Parmi les trois auteurs dont vous vous occupez, il y a Bruno Schulz. Rappelons que c’est un écrivain, dessinateur et illustrateur polonais. Il a écrit deux livres pour lesquels il est plus connu en France. Hors micro, vous me disiez qu’il était plus connu en Pologne en tant que dessinateur et illustrateur…« Bruno Schulz a un parcours artistique très court. Il a toujours dessiné, il a été professeur de dessin. Mais il n’a écrit que pendant une dizaine d’années, dans les années 1930. Il n’a eu le temps de faire que deux recueils de récits. Sa carrière de littérateur est très brève. C’est la raison pour laquelle on le connaît plus comme dessinateur en Pologne, parce qu’il en a souvent publié voire exposé. Par contre en France, on l’a tout de suite connu pour ses écrits : on l’a introduit via Kafka, via Gombrovicz. D’ailleurs, aujourd’hui, on considère toujours que son écriture est plus avant-gardiste, novatrice, que ces dessins de facture plus classique. »
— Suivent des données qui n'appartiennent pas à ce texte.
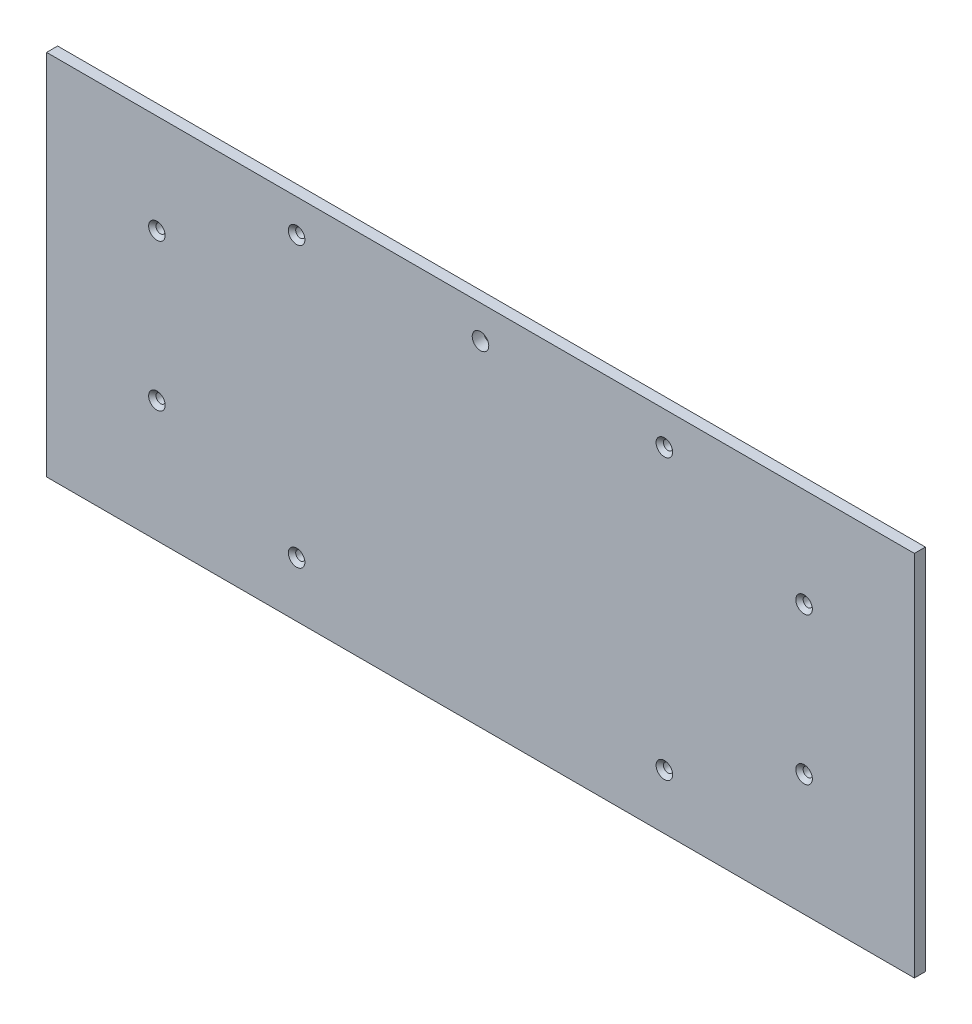
ISO-10303-21;
HEADER;
FILE_DESCRIPTION(('STEP AP214'),'2;1');
FILE_NAME('part.step','',(''),(''),'','','');
FILE_SCHEMA(('AUTOMOTIVE_DESIGN { 1 0 10303 214 1 1 1 1 }'));
ENDSEC;
DATA;
#1=APPLICATION_CONTEXT('core data for automotive mechanical design processes');
#2=APPLICATION_PROTOCOL_DEFINITION('international standard','automotive_design',2000,#1);
#3=PRODUCT_CONTEXT('',#1,'mechanical');
#4=PRODUCT('Part','Part','',(#3));
#5=PRODUCT_RELATED_PRODUCT_CATEGORY('part','',(#4));
#6=PRODUCT_DEFINITION_FORMATION('','',#4);
#7=PRODUCT_DEFINITION_CONTEXT('part definition',#1,'design');
#8=PRODUCT_DEFINITION('design','',#6,#7);
#9=PRODUCT_DEFINITION_SHAPE('','',#8);
#10=(LENGTH_UNIT() NAMED_UNIT(*) SI_UNIT(.MILLI.,.METRE.));
#11=(NAMED_UNIT(*) PLANE_ANGLE_UNIT() SI_UNIT($,.RADIAN.));
#12=(NAMED_UNIT(*) SI_UNIT($,.STERADIAN.) SOLID_ANGLE_UNIT());
#13=UNCERTAINTY_MEASURE_WITH_UNIT(LENGTH_MEASURE(1.E-05),#10,'distance_accuracy_value','');
#14=(GEOMETRIC_REPRESENTATION_CONTEXT(3) GLOBAL_UNCERTAINTY_ASSIGNED_CONTEXT((#13)) GLOBAL_UNIT_ASSIGNED_CONTEXT((#10,
#11,#12)) REPRESENTATION_CONTEXT('',''));
#15=CARTESIAN_POINT('',(0.,0.,0.));
#16=DIRECTION('',(0.,0.,1.));
#17=DIRECTION('',(1.,0.,0.));
#18=AXIS2_PLACEMENT_3D('',#15,#16,#17);
#19=CARTESIAN_POINT('',(236.,-100.,6.));
#20=DIRECTION('',(-1.,0.,0.));
#21=DIRECTION('',(0.,0.,1.));
#22=AXIS2_PLACEMENT_3D('',#19,#20,#21);
#23=PLANE('',#22);
#24=DIRECTION('',(0.,1.,0.));
#25=VECTOR('',#24,1.);
#26=CARTESIAN_POINT('',(236.,-100.,0.));
#27=LINE('',#26,#25);
#28=CARTESIAN_POINT('',(236.,-100.,0.));
#29=VERTEX_POINT('',#28);
#30=CARTESIAN_POINT('',(236.,100.,0.));
#31=VERTEX_POINT('',#30);
#32=EDGE_CURVE('E120',#29,#31,#27,.T.);
#33=ORIENTED_EDGE('',*,*,#32,.T.);
#34=DIRECTION('',(0.,0.,-1.));
#35=VECTOR('',#34,1.);
#36=CARTESIAN_POINT('',(236.,100.,6.));
#37=LINE('',#36,#35);
#38=CARTESIAN_POINT('',(236.,100.,6.));
#39=VERTEX_POINT('',#38);
#40=EDGE_CURVE('E108',#39,#31,#37,.T.);
#41=ORIENTED_EDGE('',*,*,#40,.F.);
#42=DIRECTION('',(0.,1.,0.));
#43=VECTOR('',#42,1.);
#44=CARTESIAN_POINT('',(236.,-100.,6.));
#45=LINE('',#44,#43);
#46=CARTESIAN_POINT('',(236.,-100.,6.));
#47=VERTEX_POINT('',#46);
#48=EDGE_CURVE('E100',#47,#39,#45,.T.);
#49=ORIENTED_EDGE('',*,*,#48,.F.);
#50=DIRECTION('',(0.,0.,-1.));
#51=VECTOR('',#50,1.);
#52=CARTESIAN_POINT('',(236.,-100.,6.));
#53=LINE('',#52,#51);
#54=EDGE_CURVE('E116',#47,#29,#53,.T.);
#55=ORIENTED_EDGE('',*,*,#54,.T.);
#56=EDGE_LOOP('',(#33,#41,#49,#55));
#57=FACE_BOUND('',#56,.T.);
#58=ADVANCED_FACE('F45',(#57),#23,.F.);
#59=CARTESIAN_POINT('',(-236.,100.,6.));
#60=DIRECTION('',(0.,-1.,0.));
#61=DIRECTION('',(0.,0.,-1.));
#62=AXIS2_PLACEMENT_3D('',#59,#60,#61);
#63=PLANE('',#62);
#64=DIRECTION('',(-1.,0.,0.));
#65=VECTOR('',#64,1.);
#66=CARTESIAN_POINT('',(-236.,100.,0.));
#67=LINE('',#66,#65);
#68=CARTESIAN_POINT('',(-236.,100.,0.));
#69=VERTEX_POINT('',#68);
#70=EDGE_CURVE('E106',#31,#69,#67,.T.);
#71=ORIENTED_EDGE('',*,*,#70,.T.);
#72=DIRECTION('',(0.,0.,-1.));
#73=VECTOR('',#72,1.);
#74=CARTESIAN_POINT('',(-236.,100.,6.));
#75=LINE('',#74,#73);
#76=CARTESIAN_POINT('',(-236.,100.,6.));
#77=VERTEX_POINT('',#76);
#78=EDGE_CURVE('E104',#77,#69,#75,.T.);
#79=ORIENTED_EDGE('',*,*,#78,.F.);
#80=DIRECTION('',(-1.,0.,0.));
#81=VECTOR('',#80,1.);
#82=CARTESIAN_POINT('',(-236.,100.,6.));
#83=LINE('',#82,#81);
#84=EDGE_CURVE('E95',#39,#77,#83,.T.);
#85=ORIENTED_EDGE('',*,*,#84,.F.);
#86=ORIENTED_EDGE('',*,*,#40,.T.);
#87=EDGE_LOOP('',(#71,#79,#85,#86));
#88=FACE_BOUND('',#87,.T.);
#89=ADVANCED_FACE('F105',(#88),#63,.F.);
#90=CARTESIAN_POINT('',(-236.,-100.,6.));
#91=DIRECTION('',(1.,0.,0.));
#92=DIRECTION('',(0.,0.,-1.));
#93=AXIS2_PLACEMENT_3D('',#90,#91,#92);
#94=PLANE('',#93);
#95=DIRECTION('',(0.,-1.,0.));
#96=VECTOR('',#95,1.);
#97=CARTESIAN_POINT('',(-236.,-100.,0.));
#98=LINE('',#97,#96);
#99=CARTESIAN_POINT('',(-236.,-100.,0.));
#100=VERTEX_POINT('',#99);
#101=EDGE_CURVE('E81',#69,#100,#98,.T.);
#102=ORIENTED_EDGE('',*,*,#101,.T.);
#103=DIRECTION('',(0.,0.,-1.));
#104=VECTOR('',#103,1.);
#105=CARTESIAN_POINT('',(-236.,-100.,6.));
#106=LINE('',#105,#104);
#107=CARTESIAN_POINT('',(-236.,-100.,6.));
#108=VERTEX_POINT('',#107);
#109=EDGE_CURVE('E109',#108,#100,#106,.T.);
#110=ORIENTED_EDGE('',*,*,#109,.F.);
#111=DIRECTION('',(0.,-1.,0.));
#112=VECTOR('',#111,1.);
#113=CARTESIAN_POINT('',(-236.,-100.,6.));
#114=LINE('',#113,#112);
#115=EDGE_CURVE('E98',#77,#108,#114,.T.);
#116=ORIENTED_EDGE('',*,*,#115,.F.);
#117=ORIENTED_EDGE('',*,*,#78,.T.);
#118=EDGE_LOOP('',(#102,#110,#116,#117));
#119=FACE_BOUND('',#118,.T.);
#120=ADVANCED_FACE('F111',(#119),#94,.F.);
#121=CARTESIAN_POINT('',(-236.,-100.,6.));
#122=DIRECTION('',(0.,1.,0.));
#123=DIRECTION('',(0.,0.,1.));
#124=AXIS2_PLACEMENT_3D('',#121,#122,#123);
#125=PLANE('',#124);
#126=DIRECTION('',(1.,0.,0.));
#127=VECTOR('',#126,1.);
#128=CARTESIAN_POINT('',(-236.,-100.,0.));
#129=LINE('',#128,#127);
#130=EDGE_CURVE('E87',#100,#29,#129,.T.);
#131=ORIENTED_EDGE('',*,*,#130,.T.);
#132=ORIENTED_EDGE('',*,*,#54,.F.);
#133=DIRECTION('',(1.,0.,0.));
#134=VECTOR('',#133,1.);
#135=CARTESIAN_POINT('',(-236.,-100.,6.));
#136=LINE('',#135,#134);
#137=EDGE_CURVE('E64',#108,#47,#136,.T.);
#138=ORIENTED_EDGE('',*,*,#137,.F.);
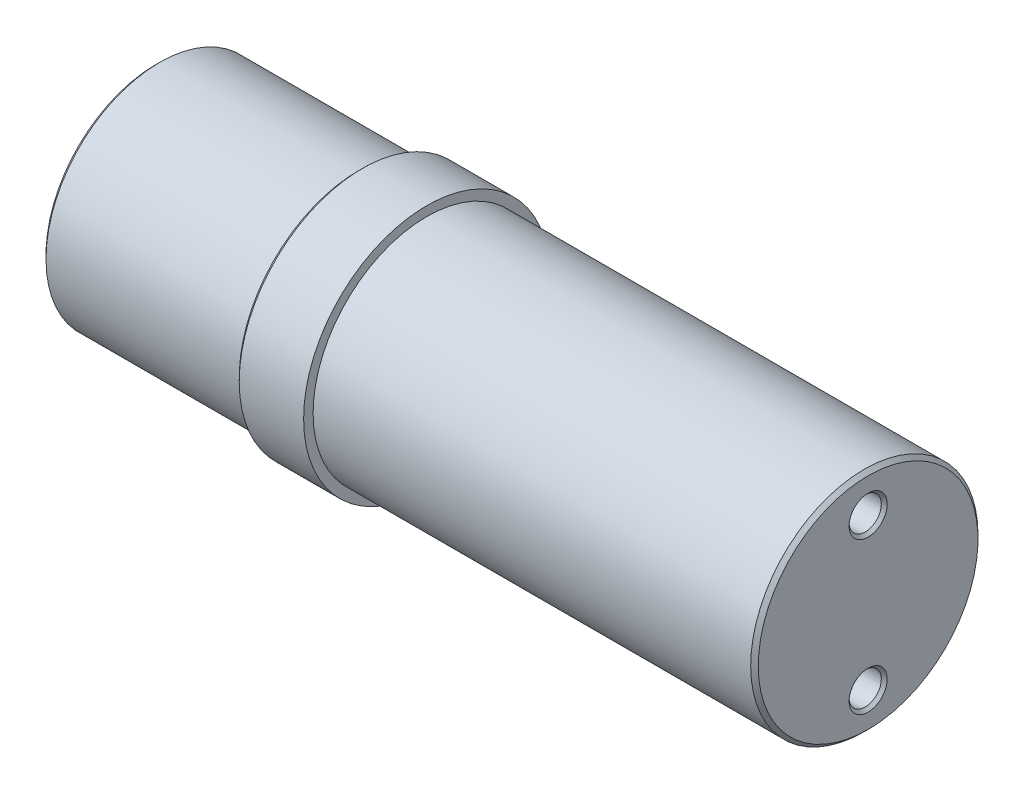
ISO-10303-21;
HEADER;
FILE_DESCRIPTION(('STEP AP214'),'2;1');
FILE_NAME('part.step','',(''),(''),'','','');
FILE_SCHEMA(('AUTOMOTIVE_DESIGN { 1 0 10303 214 1 1 1 1 }'));
ENDSEC;
DATA;
#1=APPLICATION_CONTEXT('core data for automotive mechanical design processes');
#2=APPLICATION_PROTOCOL_DEFINITION('international standard','automotive_design',2000,#1);
#3=PRODUCT_CONTEXT('',#1,'mechanical');
#4=PRODUCT('Part','Part','',(#3));
#5=PRODUCT_RELATED_PRODUCT_CATEGORY('part','',(#4));
#6=PRODUCT_DEFINITION_FORMATION('','',#4);
#7=PRODUCT_DEFINITION_CONTEXT('part definition',#1,'design');
#8=PRODUCT_DEFINITION('design','',#6,#7);
#9=PRODUCT_DEFINITION_SHAPE('','',#8);
#10=(LENGTH_UNIT() NAMED_UNIT(*) SI_UNIT(.MILLI.,.METRE.));
#11=(NAMED_UNIT(*) PLANE_ANGLE_UNIT() SI_UNIT($,.RADIAN.));
#12=(NAMED_UNIT(*) SI_UNIT($,.STERADIAN.) SOLID_ANGLE_UNIT());
#13=UNCERTAINTY_MEASURE_WITH_UNIT(LENGTH_MEASURE(1.E-05),#10,'distance_accuracy_value','');
#14=(GEOMETRIC_REPRESENTATION_CONTEXT(3) GLOBAL_UNCERTAINTY_ASSIGNED_CONTEXT((#13)) GLOBAL_UNIT_ASSIGNED_CONTEXT((#10,
#11,#12)) REPRESENTATION_CONTEXT('',''));
#15=CARTESIAN_POINT('',(0.,0.,0.));
#16=DIRECTION('',(0.,0.,1.));
#17=DIRECTION('',(1.,0.,0.));
#18=AXIS2_PLACEMENT_3D('',#15,#16,#17);
#19=CARTESIAN_POINT('',(0.,0.,0.));
#20=DIRECTION('',(-1.,0.,0.));
#21=DIRECTION('',(0.,0.,1.));
#22=AXIS2_PLACEMENT_3D('',#19,#20,#21);
#23=CYLINDRICAL_SURFACE('',#22,30.);
#24=CARTESIAN_POINT('',(0.999999999999963,0.,0.));
#25=DIRECTION('',(1.,0.,0.));
#26=DIRECTION('',(0.,0.,-1.));
#27=AXIS2_PLACEMENT_3D('',#24,#25,#26);
#28=CIRCLE('',#27,30.);
#29=CARTESIAN_POINT('',(0.999999999999963,0.,-30.));
#30=VERTEX_POINT('',#29);
#31=EDGE_CURVE('E11',#30,#30,#28,.T.);
#32=ORIENTED_EDGE('',*,*,#31,.T.);
#33=EDGE_LOOP('',(#32));
#34=FACE_BOUND('',#33,.T.);
#35=CARTESIAN_POINT('',(53.5,0.,0.));
#36=DIRECTION('',(-1.,0.,0.));
#37=DIRECTION('',(0.,0.,1.));
#38=AXIS2_PLACEMENT_3D('',#35,#36,#37);
#39=CIRCLE('',#38,30.);
#40=CARTESIAN_POINT('',(53.5,0.,30.));
#41=VERTEX_POINT('',#40);
#42=EDGE_CURVE('E125',#41,#41,#39,.T.);
#43=ORIENTED_EDGE('',*,*,#42,.T.);
#44=EDGE_LOOP('',(#43));
#45=FACE_BOUND('',#44,.T.);
#46=ADVANCED_FACE('F46',(#34,#45),#23,.T.);
#47=CARTESIAN_POINT('',(0.,0.,0.));
#48=DIRECTION('',(1.,0.,0.));
#49=DIRECTION('',(0.,0.,-1.));
#50=AXIS2_PLACEMENT_3D('',#47,#48,#49);
#51=PLANE('',#50);
#52=CARTESIAN_POINT('',(0.,0.,0.));
#53=DIRECTION('',(1.,0.,0.));
#54=DIRECTION('',(0.,0.,-1.));
#55=AXIS2_PLACEMENT_3D('',#52,#53,#54);
#56=CIRCLE('',#55,29.);
#57=CARTESIAN_POINT('',(0.,0.,-29.));
#58=VERTEX_POINT('',#57);
#59=EDGE_CURVE('E56',#58,#58,#56,.F.);
#60=ORIENTED_EDGE('',*,*,#59,.T.);
#61=EDGE_LOOP('',(#60));
#62=FACE_BOUND('',#61,.T.);
#63=CARTESIAN_POINT('',(0.,20.,0.));
#64=DIRECTION('',(-1.,0.,0.));
#65=DIRECTION('',(0.,0.,1.));
#66=AXIS2_PLACEMENT_3D('',#63,#64,#65);
#67=CIRCLE('',#66,5.025);
#68=CARTESIAN_POINT('',(0.,20.,5.025));
#69=VERTEX_POINT('',#68);
#70=EDGE_CURVE('E101',#69,#69,#67,.T.);
#71=ORIENTED_EDGE('',*,*,#70,.F.);
#72=EDGE_LOOP('',(#71));
#73=FACE_BOUND('',#72,.T.);
#74=CARTESIAN_POINT('',(0.,-20.,0.));
#75=DIRECTION('',(-1.,0.,0.));
#76=DIRECTION('',(0.,0.,1.));
#77=AXIS2_PLACEMENT_3D('',#74,#75,#76);
#78=CIRCLE('',#77,5.025);
#79=CARTESIAN_POINT('',(0.,-20.,5.025));
#80=VERTEX_POINT('',#79);
#81=EDGE_CURVE('E113',#80,#80,#78,.T.);
#82=ORIENTED_EDGE('',*,*,#81,.F.);
#83=EDGE_LOOP('',(#82));
#84=FACE_BOUND('',#83,.T.);
#85=ADVANCED_FACE('F157',(#62,#73,#84),#51,.F.);
#86=CARTESIAN_POINT('',(188.,30.,0.));
#87=DIRECTION('',(-1.,0.,0.));
#88=DIRECTION('',(0.,0.,1.));
#89=AXIS2_PLACEMENT_3D('',#86,#87,#88);
#90=PLANE('',#89);
#91=CARTESIAN_POINT('',(188.,0.,0.));
#92=DIRECTION('',(-1.,0.,0.));
#93=DIRECTION('',(0.,0.,1.));
#94=AXIS2_PLACEMENT_3D('',#91,#92,#93);
#95=CIRCLE('',#94,29.);
#96=CARTESIAN_POINT('',(188.,0.,29.));
#97=VERTEX_POINT('',#96);
#98=EDGE_CURVE('E149',#97,#97,#95,.F.);
#99=ORIENTED_EDGE('',*,*,#98,.T.);
#100=EDGE_LOOP('',(#99));
#101=FACE_BOUND('',#100,.T.);
#102=CARTESIAN_POINT('',(188.,20.,0.));
#103=DIRECTION('',(1.,0.,0.));
#104=DIRECTION('',(0.,0.,-1.));
#105=AXIS2_PLACEMENT_3D('',#102,#103,#104);
#106=CIRCLE('',#105,5.025);
#107=CARTESIAN_POINT('',(188.,20.,-5.025));
#108=VERTEX_POINT('',#107);
#109=EDGE_CURVE('E90',#108,#108,#106,.T.);
#110=ORIENTED_EDGE('',*,*,#109,.F.);
#111=EDGE_LOOP('',(#110));
#112=FACE_BOUND('',#111,.T.);
#113=CARTESIAN_POINT('',(188.,-20.,0.));
#114=DIRECTION('',(1.,0.,0.));
#115=DIRECTION('',(0.,0.,-1.));
#116=AXIS2_PLACEMENT_3D('',#113,#114,#115);
#117=CIRCLE('',#116,5.025);
#118=CARTESIAN_POINT('',(188.,-20.,-5.025));
#119=VERTEX_POINT('',#118);
#120=EDGE_CURVE('E80',#119,#119,#117,.T.);
#121=ORIENTED_EDGE('',*,*,#120,.F.);
#122=EDGE_LOOP('',(#121));
#123=FACE_BOUND('',#122,.T.);
#124=ADVANCED_FACE('F175',(#101,#112,#123),#90,.F.);
#125=CARTESIAN_POINT('',(0.,0.,0.));
#126=DIRECTION('',(-1.,0.,0.));
#127=DIRECTION('',(0.,0.,1.));
#128=AXIS2_PLACEMENT_3D('',#125,#126,#127);
#129=CYLINDRICAL_SURFACE('',#128,30.);
#130=CARTESIAN_POINT('',(187.,0.,0.));
#131=DIRECTION('',(-1.,0.,0.));
#132=DIRECTION('',(0.,0.,1.));
#133=AXIS2_PLACEMENT_3D('',#130,#131,#132);
#134=CIRCLE('',#133,30.);
#135=CARTESIAN_POINT('',(187.,0.,30.));
#136=VERTEX_POINT('',#135);
#137=EDGE_CURVE('E145',#136,#136,#134,.T.);
#138=ORIENTED_EDGE('',*,*,#137,.T.);
#139=EDGE_LOOP('',(#138));
#140=FACE_BOUND('',#139,.T.);
#141=CARTESIAN_POINT('',(71.5,0.,0.));
#142=DIRECTION('',(-1.,0.,0.));
#143=DIRECTION('',(0.,0.,1.));
#144=AXIS2_PLACEMENT_3D('',#141,#142,#143);
#145=CIRCLE('',#144,30.);
#146=CARTESIAN_POINT('',(71.5,0.,30.));
#147=VERTEX_POINT('',#146);
#148=EDGE_CURVE('E133',#147,#147,#145,.T.);
#149=ORIENTED_EDGE('',*,*,#148,.F.);
#150=EDGE_LOOP('',(#149));
#151=FACE_BOUND('',#150,.T.);
#152=ADVANCED_FACE('F220',(#140,#151),#129,.T.);
#153=CARTESIAN_POINT('',(71.5,32.5,0.));
#154=DIRECTION('',(-1.,0.,0.));
#155=DIRECTION('',(0.,0.,1.));
#156=AXIS2_PLACEMENT_3D('',#153,#154,#155);
#157=PLANE('',#156);
#158=CARTESIAN_POINT('',(71.5,0.,0.));
#159=DIRECTION('',(-1.,0.,0.));
#160=DIRECTION('',(0.,0.,1.));
#161=AXIS2_PLACEMENT_3D('',#158,#159,#160);
#162=CIRCLE('',#161,32.5);
#163=CARTESIAN_POINT('',(71.5,0.,32.5));
#164=VERTEX_POINT('',#163);
#165=EDGE_CURVE('E129',#164,#164,#162,.T.);
#166=ORIENTED_EDGE('',*,*,#165,.F.);
#167=EDGE_LOOP('',(#166));
#168=FACE_BOUND('',#167,.T.);
#169=ORIENTED_EDGE('',*,*,#148,.T.);
#170=EDGE_LOOP('',(#169));
#171=FACE_BOUND('',#170,.T.);
#172=ADVANCED_FACE('F213',(#168,#171),#157,.F.);
#173=CARTESIAN_POINT('',(0.,0.,0.));
#174=DIRECTION('',(-1.,0.,0.));
#175=DIRECTION('',(0.,0.,1.));
#176=AXIS2_PLACEMENT_3D('',#173,#174,#175);
#177=CYLINDRICAL_SURFACE('',#176,32.5);
#178=CARTESIAN_POINT('',(54.5,0.,0.));
#179=DIRECTION('',(1.,0.,0.));
#180=DIRECTION('',(0.,0.,-1.));
#181=AXIS2_PLACEMENT_3D('',#178,#179,#180);
#182=CIRCLE('',#181,32.5);
#183=CARTESIAN_POINT('',(54.5,0.,-32.5));
#184=VERTEX_POINT('',#183);
#185=EDGE_CURVE('E141',#184,#184,#182,.T.);
#186=ORIENTED_EDGE('',*,*,#185,.T.);
#187=EDGE_LOOP('',(#186));
#188=FACE_BOUND('',#187,.T.);
#189=ORIENTED_EDGE('',*,*,#165,.T.);
#190=EDGE_LOOP('',(#189));
#191=FACE_BOUND('',#190,.T.);
#192=ADVANCED_FACE('F204',(#188,#191),#177,.T.);
#193=CARTESIAN_POINT('',(53.5,30.,0.));
#194=DIRECTION('',(1.,0.,0.));
#195=DIRECTION('',(0.,0.,-1.));
#196=AXIS2_PLACEMENT_3D('',#193,#194,#195);
#197=PLANE('',#196);
#198=CARTESIAN_POINT('',(53.5,0.,0.));
#199=DIRECTION('',(1.,0.,0.));
#200=DIRECTION('',(0.,0.,-1.));
#201=AXIS2_PLACEMENT_3D('',#198,#199,#200);
#202=CIRCLE('',#201,31.5000000000001);
#203=CARTESIAN_POINT('',(53.5,0.,-31.5000000000001));
#204=VERTEX_POINT('',#203);
#205=EDGE_CURVE('E137',#204,#204,#202,.F.);
#206=ORIENTED_EDGE('',*,*,#205,.T.);
#207=EDGE_LOOP('',(#206));
#208=FACE_BOUND('',#207,.T.);
#209=ORIENTED_EDGE('',*,*,#42,.F.);
#210=EDGE_LOOP('',(#209));
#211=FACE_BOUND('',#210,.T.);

Deuxième artiste dont vous traitez dans votre sujet, c’est Josef Váchal. C’est un auteur et illustrateur assez particulier quand on découvre son œuvre. Il est sans doute moins connu en France qu’en République tchèque. Peut-on revenir sur son parcours ?
Váchal est graveur avant tout. En France on ne le connaît pas, sauf avec les récentes traductions. Ce qui intéressant avec Váchal, c’est que le rapport à l’auto-illustration est permanent parce qu’il conçoit ses plaques directement avec les dessins et le texte. Lui se considérait comme graveur parce que ça lui permettait de ne pas trancher entre les deux. Il faisait aussi de la peinture mais le gros de son œuvre, ce sont des livres où il est naturel de concevoir l’image avec le texte et le texte avec l’image. »
Troisième artiste : Alfred Kubin, dont on a eu l’occasion de parler à plusieurs reprises sur Radio Prague puisqu’il a eu une exposition à Paris au Musée d’art moderne, puis à l’abbaye d’Auberive l’an dernier. C’est un artiste considéré en général comme autrichien, mais il est né en Bohême, à Litoměřice, à l’époque de l’Autriche-Hongrie où toutes les frontières nationales sont floues… Comment percevez-vous son travail ?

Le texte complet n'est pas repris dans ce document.